5. The question for consideration is as to whether in view of

submissions put-forth by counsel for the appellant, whether the conviction of

appellant under Section 302 of IPC is liable to be set aside and the appellant be

acquitted.

6. There are three eye-witnesses in the case namely, Mohansingh

(PW1), Galsingh (PW2) and Rakesh (PW3). Sitabai (PW4) is wife of the

deceased. The investigation has been carried out by B. K. Chhari (PW5) and

the post-mortem has been conducted by Dr. Mohan Gupta (PW6).

7. It would first be appropriate to consider the statements of eye-

witnesses. Mohansingh (PW1) states that while he was going from his field

towards his house, his brother Jagdish, standing in front of flour-mill was

given a blow on his head with a stone by the appellant, as a result of which

Jagdish fell down and then he was struck 2-3 times again by the appellant

resulting into his death. As per this witness, when he went near the spot,

appellant and his wife fled from the spot. Report (Exhibit-P/1) was thereafter

lodged by him. In his cross-examination, he although states that girl child

namely, Ritu had gone to his house and informed that Jagdish is lying dead on

the road however, he states that he himself saw the incident and he then had

narrated the incident to his family members. In para-5, he again states that

when he arrived at the spot, his brother was already dead. He also states that

appellant and his wife fled from the spot and he had seen them running away.

---4--- CRA.No.113/2008

The witness admits that there was no previous enmity of the deceased Jagdish

with the appellant. However, in para-10 of his cross-examination, he states

that appellant had not been returning Rs.10,000/- which he had taken from his

brother and due to this dispute, his brother had been killed. The witness states

that accused had first hit the deceased with a small stone and as his brother fell

down, he was hit again by bigger stone by the appellant. On questioning as to

whether in the police statements and FIR, he had mentioned regarding

inflicting blows on deceased with two stones. The witness has answered in

affirmative. However, when confronted with FIR (Exhibit-P/1) and police

statements (Exhibit-D/1), he states that he does not know as to why these

submissions are not there in these documents. In para-11 of his cross-

examination, he states that why such submissions are not there in Exhibit-P/1

and Exhibit-D/1, he cannot ascribe.

8. Close perusal of evidence of this witness shows that he may not

have seen the incident himself because in para-5, he has stated that when he

reached the spot, his brother had already died.

9. Regarding the motive for committing the offence, the witness in

para-6 states that there was no previous enmity or dispute between the

appellant and deceased, but later on in paras-10 and 11, he states that there was

dispute regarding money between the appellant and deceased.

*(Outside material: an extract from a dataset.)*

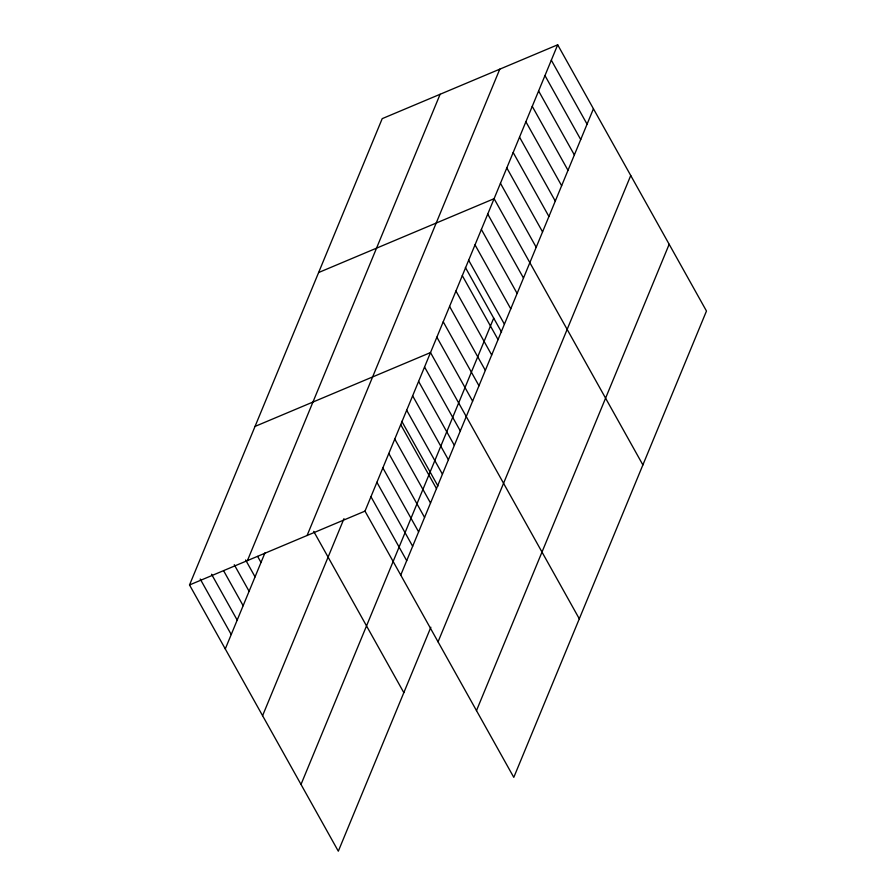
<?xml version="1.0" encoding="UTF-8"?>
<svg xmlns="http://www.w3.org/2000/svg" width="896" height="896" viewBox="0 0 896 896"><rect width="100%" height="100%" fill="white"/><g stroke="black" fill="none" stroke-linecap="round" stroke-linejoin="round"><path stroke-width="1.34" d="M430.853 627.245L338.318 851.2L189.526 584.965L382.211 118.642L557.682 44.8L706.474 311.035L513.789 777.358L364.997 511.123L557.682 44.8M247.43 560.594L440.115 94.27M225.277 648.939L264.981 552.843M307.093 535.494L499.778 69.171M262.584 715.68L343.986 518.661M301.011 784.448L493.707 318.125M400.747 575.098L593.432 108.774M438.054 641.838L630.739 175.515M476.482 710.618L669.166 244.283M318.629 272.53L494.099 198.688L642.891 464.923M255.035 426.418L430.506 352.576L579.298 618.811M189.526 584.965L364.997 511.123M551.32 60.189L587.07 124.163M544.97 75.578L580.72 139.552M538.608 90.966L574.358 154.941M532.246 106.355L567.997 170.33M525.885 121.744L561.635 185.718M519.534 137.133L555.285 201.107M513.173 152.522L548.923 216.496M506.811 167.91L542.562 231.885M500.45 183.299L536.2 247.274M487.738 214.077L523.488 278.051M481.376 229.466L517.126 293.44M475.014 244.854L510.765 308.829M468.664 260.243L504.414 324.218M465.382 267.456L501.558 332.181M462.302 275.632L498.053 339.606M455.941 291.021L491.691 354.995M449.579 306.41L485.341 370.384M443.229 321.798L478.979 385.773M436.867 337.187L472.618 401.162M424.547 366.99L460.309 430.954M418.6 381.405L454.35 445.368M412.642 395.819L448.392 459.782M406.683 410.234L442.434 474.197M401.8 421.344L437.965 486.069M400.725 424.648L436.475 488.611M394.778 439.062L430.528 503.026M388.819 453.466L424.57 517.44M382.861 467.88L418.611 531.854M376.902 482.294L412.653 546.269M370.955 496.709L406.706 560.683M313.701 531.373L403.827 692.653M257.634 556.416L261.016 562.453M245.616 559.966L255.058 576.867M234.259 564.726L249.099 591.282M223.586 570.696L243.141 605.696M211.557 574.246L237.194 620.11M200.2 579.006L231.235 634.525"/></g></svg>

10. In view of aforesaid, evidence of witness Mohansingh (PW1) does

not appear to be reliable. The trial Court's reliance on this witness despite the

aforementioned contradicts and omissions is not acceptable and we express

our dissent on such conclusion that Mohansingh (PW1) is creditworthy.

---5--- CRA.No.113/2008

11. The other eye-witness is Galsingh (PW2). This witness states that on

the date of incident, he and his father were doing some repairing work in their

house. He heard sounds of abuse and he saw the appellant and Jagdish

grappling with each other. Appellant Kalu then picked up a stone and hit the

same on the head of Jagdish due to which he fell down. Then Kalu picked up

another big stone and hit the same on the head of Jagdish 2-3 times and due to

such impact the brain matter of Jagdish came out and his head disfigured and

became flat. Jagdish died on the spot. Thereafter, his brother Mohan came and

Kalu fled from the spot. In cross examination he submits that he had been

called by the police two days after the incident. He denies that when he arrived

at the spot the accused had already fled. He categorically states that he himself

had seen the accused inflicting blows on Jagdish. He admits that

Panchayatnama of the dead body was prepared before him. This witness has

been given a suggestion that 4-5 months prior to the incident, a quarrel had

ensued between the appellant and the father of the witness. This witness claims

ignorance regarding such quarrel and states that he was not present in the

house at that point of time. Thus Galsingh (PW2) claims to have seen the

incident himself and in his cross examination, no contradictions or omissions

have been elicited. Learned counsel has submitted that statements of this

witness have been recorded belatedly by police and there is evidence that

witness does not categorically deny quarrel between his father and the

appellant. However, such submission does not dent the prosecution story, as

recording statement barely two days later is not a circumstance to discredit the

witness because the investigation involves many facets, which tend to

---6--- CRA.No.113/2008

consume time.

12. Eyewitness Rakesh (PW3) has stated that on the date of incident, he

had gone to the house of Galsingh (PW2) for getting his trouser stitched and at

that point of time, he heard shouts and then he along with Galsingh (PW2) and

Shobharam came out and saw Kalu inflicting stone blow on Jagdish and

thereafter Kalu picked up another big stone and repeatedly inflicted blows on

the head of Jagdish due to which his brain matter came out and he died. In his

cross examination he has stated that on the date of incident he had not been

questioned by the police and the questioning was done to 2 -3 days after the

incident. There are no other contradictions or omissions in the statements of

this witness. No questions have been asked regarding there being any dispute

between him and the deceased.

13. Learned counsel has submitted that presence of this witness on the

spot is doubtful because Galsingh (PW2) does not state that Rakesh (PW3) had

come to his house and that he and Rakesh both have seen the incident. It is

further stated that in the FIR (Exhibit P/1) also there is no mention of Rakesh.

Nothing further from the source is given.